2.5. Statistical Methods

We tested two questions statistically: (1) was there a significant stiffening effect of the mineral and (2) did the stiffening effect differ for m10SBF compared to 10SBF? Standard algorithms native to MATLAB (The Mathworks, Natick, MA) environment were employed. To test the first question, a comparison was made between the measured slope (determined by a linear regression to the data for each group) and a slope of zero (i.e., no stiffening effect). To test the second question, an analysis of covariance was performed for the two datasets to compare the regression line coefficients. The analysis of covariance interactively allows for the comparison of both the intercepts and slopes of regression lines. Confidence ellipses representing the observed statistical spread of modulus and volume fraction data were drawn based upon the eigenvectors and eigenvalues of the two datasets estimated using principal component analysis. After scaling to represent a 95% confidence interval, these and the mean values of modulus and volume fraction defined the major axes and center, respectively, of an ellipse representing a 95% confidence region for the data. The confidence ellipses were drawn using the using a custom MATLAB script (“confellipse2”) (Schwarz, 1998).

3. RESULTS

3.1. Scaffold Characterization

Based on EDX analysis, a linear gradient in mineral content was achieved with both mineralizing solutions (Figure 2). The mineral morphology, as observed using SEM, was dramatically different when comparing the two mineralizing solutions. Mineral deposited using 10SBF was distinctly plate-like and diffuse, arranged in florets over fibers. In contrast, mineral deposited using m10SBF was dense and largely conformal to the fibers, except for some bunched, bead-like accumulations similar to those seen on fracture surfaces in natural bone (Thurner et al., 2007) (Figure 3).

Figure 2.

A linear gradient in hydroxylapatite mineral content was achieved with both 10SBF and m10SBF. The ratio of the number of Ca atoms per unit volume to the combined numbers of Ca and C atoms, as measured with EDX, increased linearly along the length of the scaffold’s mineral gradient (measurements are shown for 4 10SBF samples and 3 m10SBF samples).

Figure 3.

(A) Plate-like mineral morphology was observed in the 10SBF group. (B) A dense coat of small mineral crystals was observed in the m10SBF group. (Outer scale bar = 10 µm, inset scale bar = 1 µm).
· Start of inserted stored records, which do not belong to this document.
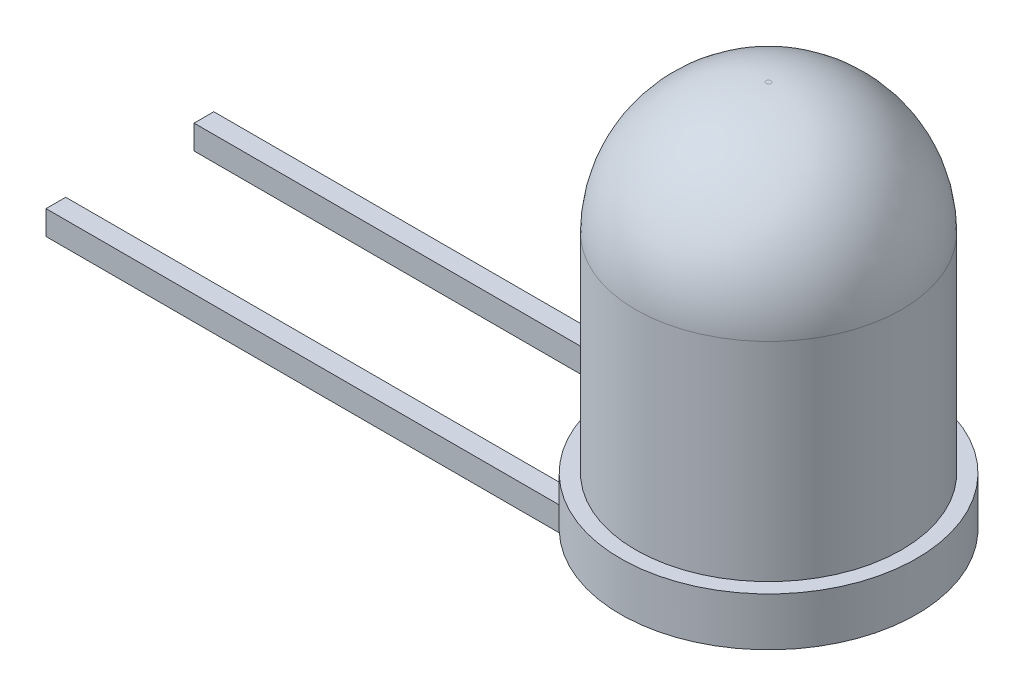
ISO-10303-21;
HEADER;
FILE_DESCRIPTION(('STEP AP214'),'2;1');
FILE_NAME('part.step','',(''),(''),'','','');
FILE_SCHEMA(('AUTOMOTIVE_DESIGN { 1 0 10303 214 1 1 1 1 }'));
ENDSEC;
DATA;
#1=APPLICATION_CONTEXT('core data for automotive mechanical design processes');
#2=APPLICATION_PROTOCOL_DEFINITION('international standard','automotive_design',2000,#1);
#3=PRODUCT_CONTEXT('',#1,'mechanical');
#4=PRODUCT('Part','Part','',(#3));
#5=PRODUCT_RELATED_PRODUCT_CATEGORY('part','',(#4));
#6=PRODUCT_DEFINITION_FORMATION('','',#4);
#7=PRODUCT_DEFINITION_CONTEXT('part definition',#1,'design');
#8=PRODUCT_DEFINITION('design','',#6,#7);
#9=PRODUCT_DEFINITION_SHAPE('','',#8);
#10=(LENGTH_UNIT() NAMED_UNIT(*) SI_UNIT(.MILLI.,.METRE.));
#11=(NAMED_UNIT(*) PLANE_ANGLE_UNIT() SI_UNIT($,.RADIAN.));
#12=(NAMED_UNIT(*) SI_UNIT($,.STERADIAN.) SOLID_ANGLE_UNIT());
#13=UNCERTAINTY_MEASURE_WITH_UNIT(LENGTH_MEASURE(1.E-05),#10,'distance_accuracy_value','');
#14=(GEOMETRIC_REPRESENTATION_CONTEXT(3) GLOBAL_UNCERTAINTY_ASSIGNED_CONTEXT((#13)) GLOBAL_UNIT_ASSIGNED_CONTEXT((#10,
#11,#12)) REPRESENTATION_CONTEXT('',''));
#15=CARTESIAN_POINT('',(0.,0.,0.));
#16=DIRECTION('',(0.,0.,1.));
#17=DIRECTION('',(1.,0.,0.));
#18=AXIS2_PLACEMENT_3D('',#15,#16,#17);
#19=CARTESIAN_POINT('',(0.,7.,0.));
#20=DIRECTION('',(0.,-1.,0.));
#21=DIRECTION('',(0.,0.,-1.));
#22=AXIS2_PLACEMENT_3D('',#19,#20,#21);
#23=CYLINDRICAL_SURFACE('',#22,2.75);
#24=CARTESIAN_POINT('',(0.,4.3,0.));
#25=DIRECTION('',(0.,1.,0.));
#26=DIRECTION('',(0.,0.,1.));
#27=AXIS2_PLACEMENT_3D('',#24,#25,#26);
#28=CIRCLE('',#27,2.75);
#29=CARTESIAN_POINT('',(0.,4.3,2.75));
#30=VERTEX_POINT('',#29);
#31=EDGE_CURVE('E190',#30,#30,#28,.F.);
#32=ORIENTED_EDGE('',*,*,#31,.T.);
#33=EDGE_LOOP('',(#32));
#34=FACE_BOUND('',#33,.T.);
#35=CARTESIAN_POINT('',(0.,0.,0.));
#36=DIRECTION('',(0.,-1.,0.));
#37=DIRECTION('',(0.,0.,-1.));
#38=AXIS2_PLACEMENT_3D('',#35,#36,#37);
#39=CIRCLE('',#38,2.75);
#40=CARTESIAN_POINT('',(0.,0.,-2.75));
#41=VERTEX_POINT('',#40);
#42=EDGE_CURVE('E180',#41,#41,#39,.T.);
#43=ORIENTED_EDGE('',*,*,#42,.F.);
#44=EDGE_LOOP('',(#43));
#45=FACE_BOUND('',#44,.T.);
#46=ADVANCED_FACE('F37',(#34,#45),#23,.T.);
#47=CARTESIAN_POINT('',(0.,7.,0.));
#48=DIRECTION('',(0.,1.,0.));
#49=DIRECTION('',(0.,0.,1.));
#50=AXIS2_PLACEMENT_3D('',#47,#48,#49);
#51=PLANE('',#50);
#52=CARTESIAN_POINT('',(0.,7.,0.));
#53=DIRECTION('',(0.,1.,0.));
#54=DIRECTION('',(0.,0.,1.));
#55=AXIS2_PLACEMENT_3D('',#52,#53,#54);
#56=CIRCLE('',#55,0.0500000000000001);
#57=CARTESIAN_POINT('',(0.,7.,0.0500000000000001));
#58=VERTEX_POINT('',#57);
#59=EDGE_CURVE('E187',#58,#58,#56,.T.);
#60=ORIENTED_EDGE('',*,*,#59,.T.);
#61=EDGE_LOOP('',(#60));
#62=FACE_BOUND('',#61,.T.);
#63=ADVANCED_FACE('F236',(#62),#51,.T.);
#64=CARTESIAN_POINT('',(0.,4.3,0.));
#65=DIRECTION('',(0.,1.,0.));
#66=DIRECTION('',(0.,0.,1.));
#67=AXIS2_PLACEMENT_3D('',#64,#65,#66);
#68=DEGENERATE_TOROIDAL_SURFACE('',#67,0.0500000000000001,2.7,.T.);
#69=ORIENTED_EDGE('',*,*,#31,.F.);
#70=EDGE_LOOP('',(#69));
#71=FACE_BOUND('',#70,.T.);
#72=ORIENTED_EDGE('',*,*,#59,.F.);
#73=EDGE_LOOP('',(#72));
#74=FACE_BOUND('',#73,.T.);
#75=ADVANCED_FACE('F242',(#71,#74),#68,.T.);
#76=CARTESIAN_POINT('',(0.,0.,0.));
#77=DIRECTION('',(0.,-1.,0.));
#78=DIRECTION('',(0.,0.,-1.));
#79=AXIS2_PLACEMENT_3D('',#76,#77,#78);
#80=PLANE('',#79);
#81=CARTESIAN_POINT('',(0.,0.,0.));
#82=DIRECTION('',(0.,-1.,0.));
#83=DIRECTION('',(0.,0.,-1.));
#84=AXIS2_PLACEMENT_3D('',#81,#82,#83);
#85=CIRCLE('',#84,3.06128010774859);
#86=CARTESIAN_POINT('',(0.,0.,-3.06128010774859));
#87=VERTEX_POINT('',#86);
#88=EDGE_CURVE('E176',#87,#87,#85,.T.);
#89=ORIENTED_EDGE('',*,*,#88,.F.);
#90=EDGE_LOOP('',(#89));
#91=FACE_BOUND('',#90,.T.);
#92=ORIENTED_EDGE('',*,*,#42,.T.);
#93=EDGE_LOOP('',(#92));
#94=FACE_BOUND('',#93,.T.);
#95=ADVANCED_FACE('F249',(#91,#94),#80,.F.);
#96=CARTESIAN_POINT('',(0.,-1.,0.));
#97=DIRECTION('',(0.,1.,0.));
#98=DIRECTION('',(0.,0.,1.));
#99=AXIS2_PLACEMENT_3D('',#96,#97,#98);
#100=CYLINDRICAL_SURFACE('',#99,3.06128010774859);
#101=CARTESIAN_POINT('',(0.,-1.,0.));
#102=DIRECTION('',(0.,-1.,0.));
#103=DIRECTION('',(0.,0.,-1.));
#104=AXIS2_PLACEMENT_3D('',#101,#102,#103);
#105=CIRCLE('',#104,3.06128010774859);
#106=CARTESIAN_POINT('',(-2.52263573457192,-1.,1.73428511172702));
#107=VERTEX_POINT('',#106);
#108=CARTESIAN_POINT('',(-2.75871712551884,-1.,1.32699499602157));
#109=VERTEX_POINT('',#108);
#110=EDGE_CURVE('E177',#107,#109,#105,.T.);
#111=ORIENTED_EDGE('',*,*,#110,.F.);
#112=CARTESIAN_POINT('',(-2.52263573457192,-1.,-1.73428511172702));
#113=VERTEX_POINT('',#112);
#114=EDGE_CURVE('E182',#113,#107,#105,.T.);
#115=ORIENTED_EDGE('',*,*,#114,.F.);
#116=CARTESIAN_POINT('',(-2.75871712551884,-1.,-1.32699499602157));
#117=VERTEX_POINT('',#116);
#118=EDGE_CURVE('E268',#117,#113,#105,.T.);
#119=ORIENTED_EDGE('',*,*,#118,.F.);
#120=EDGE_CURVE('E181',#109,#117,#105,.T.);
#121=ORIENTED_EDGE('',*,*,#120,.F.);
#122=EDGE_LOOP('',(#111,#115,#119,#121));
#123=FACE_BOUND('',#122,.T.);
#124=ORIENTED_EDGE('',*,*,#88,.T.);
#125=EDGE_LOOP('',(#124));
#126=FACE_BOUND('',#125,.T.);
#127=ADVANCED_FACE('F270',(#123,#126),#100,.T.);
#128=CARTESIAN_POINT('',(0.,-1.,0.));
#129=DIRECTION('',(0.,-1.,0.));
#130=DIRECTION('',(0.,0.,-1.));
#131=AXIS2_PLACEMENT_3D('',#128,#129,#130);
#132=PLANE('',#131);
#133=DIRECTION('',(-1.,0.,0.));
#134=VECTOR('',#133,1.);
#135=CARTESIAN_POINT('',(0.,-1.,-1.32699499602157));
#136=LINE('',#135,#134);
#137=CARTESIAN_POINT('',(0.,-1.,-1.32699499602157));
#138=VERTEX_POINT('',#137);
#139=EDGE_CURVE('E196',#138,#117,#136,.T.);
#140=ORIENTED_EDGE('',*,*,#139,.F.);
#141=DIRECTION('',(0.,0.,1.));
#142=VECTOR('',#141,1.);
#143=CARTESIAN_POINT('',(0.,-1.,0.));
#144=LINE('',#143,#142);
#145=CARTESIAN_POINT('',(0.,-1.,-1.73428511172702));
#146=VERTEX_POINT('',#145);
#147=EDGE_CURVE('E139',#146,#138,#144,.T.);
#148=ORIENTED_EDGE('',*,*,#147,.F.);
#149=DIRECTION('',(-1.,0.,0.));
#150=VECTOR('',#149,1.);
#151=CARTESIAN_POINT('',(0.,-1.,-1.73428511172702));
#152=LINE('',#151,#150);
#153=EDGE_CURVE('E193',#146,#113,#152,.T.);
#154=ORIENTED_EDGE('',*,*,#153,.T.);
#155=ORIENTED_EDGE('',*,*,#114,.T.);
#156=DIRECTION('',(1.,0.,0.));
#157=VECTOR('',#156,1.);
#158=CARTESIAN_POINT('',(0.,-1.,1.73428511172702));
#159=LINE('',#158,#157);
#160=CARTESIAN_POINT('',(0.,-1.,1.73428511172702));
#161=VERTEX_POINT('',#160);
#162=EDGE_CURVE('E170',#107,#161,#159,.T.);
#163=ORIENTED_EDGE('',*,*,#162,.T.);
#164=DIRECTION('',(0.,0.,1.));
#165=VECTOR('',#164,1.);
#166=CARTESIAN_POINT('',(0.,-1.,0.));
#167=LINE('',#166,#165);
#168=CARTESIAN_POINT('',(0.,-1.,1.32699499602157));
#169=VERTEX_POINT('',#168);
#170=EDGE_CURVE('E164',#169,#161,#167,.T.);
#171=ORIENTED_EDGE('',*,*,#170,.F.);
#172=DIRECTION('',(1.,0.,0.));
#173=VECTOR('',#172,1.);
#174=CARTESIAN_POINT('',(0.,-1.,1.32699499602157));
#175=LINE('',#174,#173);
#176=EDGE_CURVE('E165',#109,#169,#175,.T.);
#177=ORIENTED_EDGE('',*,*,#176,.F.);
#178=ORIENTED_EDGE('',*,*,#120,.T.);
#179=EDGE_LOOP('',(#140,#148,#154,#155,#163,#171,#177,#178));
#180=FACE_BOUND('',#179,.T.);
#181=ADVANCED_FACE('F212',(#180),#132,.T.);
#182=CARTESIAN_POINT('',(0.,-1.,0.));
#183=DIRECTION('',(0.,-1.,0.));
#184=DIRECTION('',(0.,0.,-1.));
#185=AXIS2_PLACEMENT_3D('',#182,#183,#184);
#186=PLANE('',#185);
#187=CARTESIAN_POINT('',(-13.2030457028804,-1.,1.73428511172702));
#188=VERTEX_POINT('',#187);
#189=EDGE_CURVE('E167',#188,#107,#159,.T.);
#190=ORIENTED_EDGE('',*,*,#189,.T.);
#191=ORIENTED_EDGE('',*,*,#110,.T.);
#192=CARTESIAN_POINT('',(-13.2030457028804,-1.,1.32699499602157));
#193=VERTEX_POINT('',#192);
#194=EDGE_CURVE('E123',#193,#109,#175,.T.);
#195=ORIENTED_EDGE('',*,*,#194,.F.);
#196=DIRECTION('',(0.,0.,1.));
#197=VECTOR('',#196,1.);
#198=CARTESIAN_POINT('',(-13.2030457028804,-1.,0.));
#199=LINE('',#198,#197);
#200=EDGE_CURVE('E155',#193,#188,#199,.T.);
#201=ORIENTED_EDGE('',*,*,#200,.T.);
#202=EDGE_LOOP('',(#190,#191,#195,#201));
#203=FACE_BOUND('',#202,.T.);
#204=ADVANCED_FACE('F223',(#203),#186,.F.);
#205=CARTESIAN_POINT('',(0.,-1.5,1.32699499602157));
#206=DIRECTION('',(0.,0.,1.));
#207=DIRECTION('',(1.,0.,0.));
#208=AXIS2_PLACEMENT_3D('',#205,#206,#207);
#209=PLANE('',#208);
#210=ORIENTED_EDGE('',*,*,#176,.T.);
#211=CARTESIAN_POINT('',(-0.670820393249937,-0.8,1.32699499602157));
#212=DIRECTION('',(0.,0.,1.));
#213=DIRECTION('',(1.,0.,0.));
#214=AXIS2_PLACEMENT_3D('',#211,#212,#213);
#215=CIRCLE('',#214,0.7);
#216=CARTESIAN_POINT('',(-0.670820393249937,-1.5,1.32699499602157));
#217=VERTEX_POINT('',#216);
#218=EDGE_CURVE('E11',#169,#217,#215,.F.);
#219=ORIENTED_EDGE('',*,*,#218,.T.);
#220=DIRECTION('',(1.,0.,0.));
#221=VECTOR('',#220,1.);
#222=CARTESIAN_POINT('',(0.,-1.5,1.32699499602157));
#223=LINE('',#222,#221);
#224=CARTESIAN_POINT('',(-13.2030457028804,-1.5,1.32699499602157));
#225=VERTEX_POINT('',#224);
#226=EDGE_CURVE('E152',#225,#217,#223,.T.);
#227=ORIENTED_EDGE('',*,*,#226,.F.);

Using Raman spectroscopy, we characterized the scaffolds to confirm that the mineral was in fact hydroxylapatite. A suite of peaks from samples with both coatings, and were attributed to hydroxylapatite, confirming its identification: 433, 583, 959, and 1045 cm⁻¹. Small amounts of calcite were found in the 10SBF sample, but previous XRD results suggest that the calcite is likely confined to crystals at the surface (Wopenka and Pasteris, 2005). These results confirm that the two mineral coatings produced bone-like mineral that was identical in chemical composition but different in morphology.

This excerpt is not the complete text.